• Requirement:
Could each entry be returned exactly as it appears?

── Dataset content ──

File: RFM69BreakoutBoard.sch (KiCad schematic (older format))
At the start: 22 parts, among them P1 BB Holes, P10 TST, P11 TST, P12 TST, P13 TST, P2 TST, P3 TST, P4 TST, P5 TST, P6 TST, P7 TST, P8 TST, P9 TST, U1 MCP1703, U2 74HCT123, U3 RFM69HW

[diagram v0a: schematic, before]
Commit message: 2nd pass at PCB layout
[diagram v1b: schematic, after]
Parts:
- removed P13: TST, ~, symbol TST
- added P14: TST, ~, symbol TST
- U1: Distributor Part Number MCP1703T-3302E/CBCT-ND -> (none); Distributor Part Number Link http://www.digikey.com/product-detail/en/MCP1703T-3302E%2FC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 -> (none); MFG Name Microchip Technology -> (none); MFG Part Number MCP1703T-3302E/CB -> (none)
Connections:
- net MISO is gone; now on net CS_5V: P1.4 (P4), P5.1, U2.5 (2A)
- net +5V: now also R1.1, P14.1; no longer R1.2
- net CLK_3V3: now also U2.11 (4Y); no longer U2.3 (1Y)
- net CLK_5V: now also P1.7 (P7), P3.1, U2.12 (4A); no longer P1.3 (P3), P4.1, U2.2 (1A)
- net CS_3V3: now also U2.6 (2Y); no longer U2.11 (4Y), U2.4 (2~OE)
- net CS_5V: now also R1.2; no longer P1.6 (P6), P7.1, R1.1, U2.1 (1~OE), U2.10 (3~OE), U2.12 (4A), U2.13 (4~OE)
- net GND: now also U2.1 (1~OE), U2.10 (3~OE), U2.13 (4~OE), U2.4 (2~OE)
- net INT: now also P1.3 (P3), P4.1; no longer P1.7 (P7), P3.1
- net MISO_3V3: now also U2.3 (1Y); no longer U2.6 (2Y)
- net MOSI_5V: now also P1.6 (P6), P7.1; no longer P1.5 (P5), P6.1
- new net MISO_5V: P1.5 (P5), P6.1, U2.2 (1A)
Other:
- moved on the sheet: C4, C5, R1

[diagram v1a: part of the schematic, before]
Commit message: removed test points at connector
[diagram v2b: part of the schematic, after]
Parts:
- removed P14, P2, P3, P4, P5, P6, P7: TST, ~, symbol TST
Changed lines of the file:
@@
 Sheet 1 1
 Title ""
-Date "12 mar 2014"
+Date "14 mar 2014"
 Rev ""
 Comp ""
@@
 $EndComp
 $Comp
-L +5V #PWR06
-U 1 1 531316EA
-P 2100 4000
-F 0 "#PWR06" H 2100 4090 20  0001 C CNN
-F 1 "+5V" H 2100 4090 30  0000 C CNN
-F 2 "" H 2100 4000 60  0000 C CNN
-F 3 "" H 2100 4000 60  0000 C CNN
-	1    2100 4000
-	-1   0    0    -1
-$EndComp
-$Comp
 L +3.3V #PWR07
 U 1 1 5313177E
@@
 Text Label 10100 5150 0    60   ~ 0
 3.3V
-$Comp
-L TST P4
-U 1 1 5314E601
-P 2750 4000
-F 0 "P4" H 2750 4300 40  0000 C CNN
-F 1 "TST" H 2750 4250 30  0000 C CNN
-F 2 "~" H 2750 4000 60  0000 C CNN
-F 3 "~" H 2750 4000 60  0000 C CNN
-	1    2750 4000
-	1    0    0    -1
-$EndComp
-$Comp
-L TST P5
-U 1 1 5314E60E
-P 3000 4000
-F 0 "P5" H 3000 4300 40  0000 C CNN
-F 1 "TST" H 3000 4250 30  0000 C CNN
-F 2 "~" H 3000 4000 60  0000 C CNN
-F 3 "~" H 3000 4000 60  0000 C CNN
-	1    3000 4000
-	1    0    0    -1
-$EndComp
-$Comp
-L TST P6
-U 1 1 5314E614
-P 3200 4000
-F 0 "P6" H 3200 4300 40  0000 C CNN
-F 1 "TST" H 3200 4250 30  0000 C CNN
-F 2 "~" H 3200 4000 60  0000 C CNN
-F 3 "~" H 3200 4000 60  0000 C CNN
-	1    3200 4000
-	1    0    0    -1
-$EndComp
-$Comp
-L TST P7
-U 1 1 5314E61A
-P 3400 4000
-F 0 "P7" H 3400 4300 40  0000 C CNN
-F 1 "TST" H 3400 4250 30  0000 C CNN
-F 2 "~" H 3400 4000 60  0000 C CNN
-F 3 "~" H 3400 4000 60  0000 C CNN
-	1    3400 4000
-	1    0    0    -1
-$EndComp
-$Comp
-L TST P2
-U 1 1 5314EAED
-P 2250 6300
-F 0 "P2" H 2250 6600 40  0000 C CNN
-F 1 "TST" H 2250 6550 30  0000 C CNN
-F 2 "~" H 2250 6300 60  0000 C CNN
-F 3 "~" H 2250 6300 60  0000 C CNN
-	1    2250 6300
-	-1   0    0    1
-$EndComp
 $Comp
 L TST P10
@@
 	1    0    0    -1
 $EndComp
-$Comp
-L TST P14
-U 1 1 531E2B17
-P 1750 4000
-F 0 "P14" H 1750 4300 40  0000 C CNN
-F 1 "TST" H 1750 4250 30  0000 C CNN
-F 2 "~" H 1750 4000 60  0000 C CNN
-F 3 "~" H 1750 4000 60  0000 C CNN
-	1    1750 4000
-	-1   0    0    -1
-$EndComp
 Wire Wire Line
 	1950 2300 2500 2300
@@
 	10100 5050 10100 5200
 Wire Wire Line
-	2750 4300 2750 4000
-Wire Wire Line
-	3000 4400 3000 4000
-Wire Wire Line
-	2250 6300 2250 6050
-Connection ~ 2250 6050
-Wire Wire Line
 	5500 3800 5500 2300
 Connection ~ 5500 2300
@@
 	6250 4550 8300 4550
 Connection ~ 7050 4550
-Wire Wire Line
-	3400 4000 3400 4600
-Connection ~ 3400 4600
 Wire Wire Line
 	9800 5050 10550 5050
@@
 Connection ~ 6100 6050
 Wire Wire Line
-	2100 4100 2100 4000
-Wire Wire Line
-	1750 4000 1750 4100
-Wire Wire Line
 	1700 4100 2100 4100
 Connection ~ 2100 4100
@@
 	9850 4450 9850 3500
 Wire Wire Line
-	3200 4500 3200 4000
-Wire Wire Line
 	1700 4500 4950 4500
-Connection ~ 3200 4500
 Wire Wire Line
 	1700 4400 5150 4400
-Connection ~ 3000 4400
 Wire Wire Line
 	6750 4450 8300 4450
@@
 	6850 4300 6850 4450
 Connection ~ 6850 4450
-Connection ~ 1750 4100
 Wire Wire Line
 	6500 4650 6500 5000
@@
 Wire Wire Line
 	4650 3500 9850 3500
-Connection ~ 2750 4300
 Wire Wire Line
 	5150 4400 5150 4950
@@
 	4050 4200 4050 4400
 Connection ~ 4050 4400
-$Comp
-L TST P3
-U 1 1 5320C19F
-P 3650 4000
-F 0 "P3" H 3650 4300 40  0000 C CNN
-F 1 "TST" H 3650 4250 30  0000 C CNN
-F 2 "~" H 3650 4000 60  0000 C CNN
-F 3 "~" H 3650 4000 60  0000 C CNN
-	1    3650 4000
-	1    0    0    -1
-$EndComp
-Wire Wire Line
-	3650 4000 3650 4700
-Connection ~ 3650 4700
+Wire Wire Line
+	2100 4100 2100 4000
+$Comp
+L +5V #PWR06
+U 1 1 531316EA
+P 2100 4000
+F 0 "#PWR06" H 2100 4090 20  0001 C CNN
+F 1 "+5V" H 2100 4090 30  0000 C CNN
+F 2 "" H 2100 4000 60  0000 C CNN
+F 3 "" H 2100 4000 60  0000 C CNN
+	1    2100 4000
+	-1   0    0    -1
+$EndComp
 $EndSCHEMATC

───

• Result for this exercise:
File: RFM69BreakoutBoard.sch (KiCad schematic (older format))
At the start: 22 parts, among them P1 BB Holes, P10 TST, P11 TST, P12 TST, P13 TST, P2 TST, P3 TST, P4 TST, P5 TST, P6 TST, P7 TST, P8 TST, P9 TST, U1 MCP1703, U2 74HCT123, U3 RFM69HW

[diagram v0a: schematic, before]
Commit message: 2nd pass at PCB layout
[diagram v1b: schematic, after]
Parts:
- removed P13: TST, ~, symbol TST
- added P14: TST, ~, symbol TST
- U1: Distributor Part Number MCP1703T-3302E/CBCT-ND -> (none); Distributor Part Number Link http://www.digikey.com/product-detail/en/MCP1703T-3302E%2FC -> (none); MFG Name Microchip Technology -> (none); MFG Part Number MCP1703T-3302E/CB -> (none)
Connections:
- net MISO is gone; now on net CS_5V: P1.4 (P4), P5.1, U2.5 (2A)
- net +5V: now also R1.1, P14.1; no longer R1.2
- net CLK_3V3: now also U2.11 (4Y); no longer U2.3 (1Y)
- net CLK_5V: now also P1.7 (P7), P3.1, U2.12 (4A); no longer P1.3 (P3), P4.1, U2.2 (1A)
- net CS_3V3: now also U2.6 (2Y); no longer U2.11 (4Y), U2.4 (2~OE)
- net CS_5V: now also R1.2; no longer P1.6 (P6), P7.1, R1.1, U2.1 (1~OE), U2.10 (3~OE), U2.12 (4A), U2.13 (4~OE)
- net GND: now also U2.1 (1~OE), U2.10 (3~OE), U2.13 (4~OE), U2.4 (2~OE)
- net INT: now also P1.3 (P3), P4.1; no longer P1.7 (P7), P3.1
- net MISO_3V3: now also U2.3 (1Y); no longer U2.6 (2Y)
- net MOSI_5V: now also P1.6 (P6), P7.1; no longer P1.5 (P5), P6.1
- new net MISO_5V: P1.5 (P5), P6.1, U2.2 (1A)
Other:
- moved on the sheet: C4, C5, R1

[diagram v1a: part of the schematic, before]
Commit message: removed test points at connector
[diagram v2b: part of the schematic, after]
Parts:
- removed P14, P2, P3, P4, P5, P6, P7: TST, ~, symbol TST
Changed lines of the file:
@@
 Sheet 1 1
 Title ""
-Date "12 mar 2014"
+Date "14 mar 2014"
 Rev ""
 Comp ""
@@
 $EndComp
 $Comp
-L +5V #PWR06
-U 1 1 531316EA
-P 2100 4000
-F 0 "#PWR06" H 2100 4090 20  0001 C CNN
-F 1 "+5V" H 2100 4090 30  0000 C CNN
-F 2 "" H 2100 4000 60  0000 C CNN
-F 3 "" H 2100 4000 60  0000 C CNN
-	1    2100 4000
-	-1   0    0    -1
-$EndComp
-$Comp
 L +3.3V #PWR07
 U 1 1 5313177E
@@
 Text Label 10100 5150 0    60   ~ 0
 3.3V
-$Comp
-L TST P4
-U 1 1 5314E601
-P 2750 4000
-F 0 "P4" H 2750 4300 40  0000 C CNN
-F 1 "TST" H 2750 4250 30  0000 C CNN
-F 2 "~" H 2750 4000 60  0000 C CNN
-F 3 "~" H 2750 4000 60  0000 C CNN
-	1    2750 4000
-	1    0    0    -1
-$EndComp
-$Comp
-L TST P5
-U 1 1 5314E60E
-P 3000 4000
-F 0 "P5" H 3000 4300 40  0000 C CNN
-F 1 "TST" H 3000 4250 30  0000 C CNN
-F 2 "~" H 3000 4000 60  0000 C CNN
-F 3 "~" H 3000 4000 60  0000 C CNN
-	1    3000 4000
-	1    0    0    -1
-$EndComp
-$Comp
-L TST P6
-U 1 1 5314E614
-P 3200 4000
-F 0 "P6" H 3200 4300 40  0000 C CNN
-F 1 "TST" H 3200 4250 30  0000 C CNN
-F 2 "~" H 3200 4000 60  0000 C CNN
-F 3 "~" H 3200 4000 60  0000 C CNN
-	1    3200 4000
-	1    0    0    -1
-$EndComp
-$Comp
-L TST P7
-U 1 1 5314E61A
-P 3400 4000
-F 0 "P7" H 3400 4300 40  0000 C CNN
-F 1 "TST" H 3400 4250 30  0000 C CNN
-F 2 "~" H 3400 4000 60  0000 C CNN
-F 3 "~" H 3400 4000 60  0000 C CNN
-	1    3400 4000
-	1    0    0    -1
-$EndComp
-$Comp
-L TST P2
-U 1 1 5314EAED
-P 2250 6300
-F 0 "P2" H 2250 6600 40  0000 C CNN
-F 1 "TST" H 2250 6550 30  0000 C CNN
-F 2 "~" H 2250 6300 60  0000 C CNN
-F 3 "~" H 2250 6300 60  0000 C CNN
-	1    2250 6300
-	-1   0    0    1
-$EndComp
 $Comp
 L TST P10
@@
 	1    0    0    -1
 $EndComp
-$Comp
-L TST P14
-U 1 1 531E2B17
-P 1750 4000
-F 0 "P14" H 1750 4300 40  0000 C CNN
-F 1 "TST" H 1750 4250 30  0000 C CNN
-F 2 "~" H 1750 4000 60  0000 C CNN
-F 3 "~" H 1750 4000 60  0000 C CNN
-	1    1750 4000
-	-1   0    0    -1
-$EndComp
 Wire Wire Line
 	1950 2300 2500 2300
@@
 	10100 5050 10100 5200
 Wire Wire Line
-	2750 4300 2750 4000
-Wire Wire Line
-	3000 4400 3000 4000
-Wire Wire Line
-	2250 6300 2250 6050
-Connection ~ 2250 6050
-Wire Wire Line
 	5500 3800 5500 2300
 Connection ~ 5500 2300
@@
 	6250 4550 8300 4550
 Connection ~ 7050 4550
-Wire Wire Line
-	3400 4000 3400 4600
-Connection ~ 3400 4600
 Wire Wire Line
 	9800 5050 10550 5050
@@
 Connection ~ 6100 6050
 Wire Wire Line
-	2100 4100 2100 4000
-Wire Wire Line
-	1750 4000 1750 4100
-Wire Wire Line
 	1700 4100 2100 4100
 Connection ~ 2100 4100
@@
 	9850 4450 9850 3500
 Wire Wire Line
-	3200 4500 3200 4000
-Wire Wire Line
 	1700 4500 4950 4500
-Connection ~ 3200 4500
 Wire Wire Line
 	1700 4400 5150 4400
-Connection ~ 3000 4400
 Wire Wire Line
 	6750 4450 8300 4450
@@
 	6850 4300 6850 4450
 Connection ~ 6850 4450
-Connection ~ 1750 4100
 Wire Wire Line
 	6500 4650 6500 5000
@@
 Wire Wire Line
 	4650 3500 9850 3500
-Connection ~ 2750 4300
 Wire Wire Line
 	5150 4400 5150 4950
@@
 	4050 4200 4050 4400
 Connection ~ 4050 4400
-$Comp
-L TST P3
-U 1 1 5320C19F
-P 3650 4000
-F 0 "P3" H 3650 4300 40  0000 C CNN
-F 1 "TST" H 3650 4250 30  0000 C CNN
-F 2 "~" H 3650 4000 60  0000 C CNN
-F 3 "~" H 3650 4000 60  0000 C CNN
-	1    3650 4000
-	1    0    0    -1
-$EndComp
-Wire Wire Line
-	3650 4000 3650 4700
-Connection ~ 3650 4700
+Wire Wire Line
+	2100 4100 2100 4000
+$Comp
+L +5V #PWR06
+U 1 1 531316EA
+P 2100 4000
+F 0 "#PWR06" H 2100 4090 20  0001 C CNN
+F 1 "+5V" H 2100 4090 30  0000 C CNN
+F 2 "" H 2100 4000 60  0000 C CNN
+F 3 "" H 2100 4000 60  0000 C CNN
+	1    2100 4000
+	-1   0    0    -1
+$EndComp
 $EndSCHEMATC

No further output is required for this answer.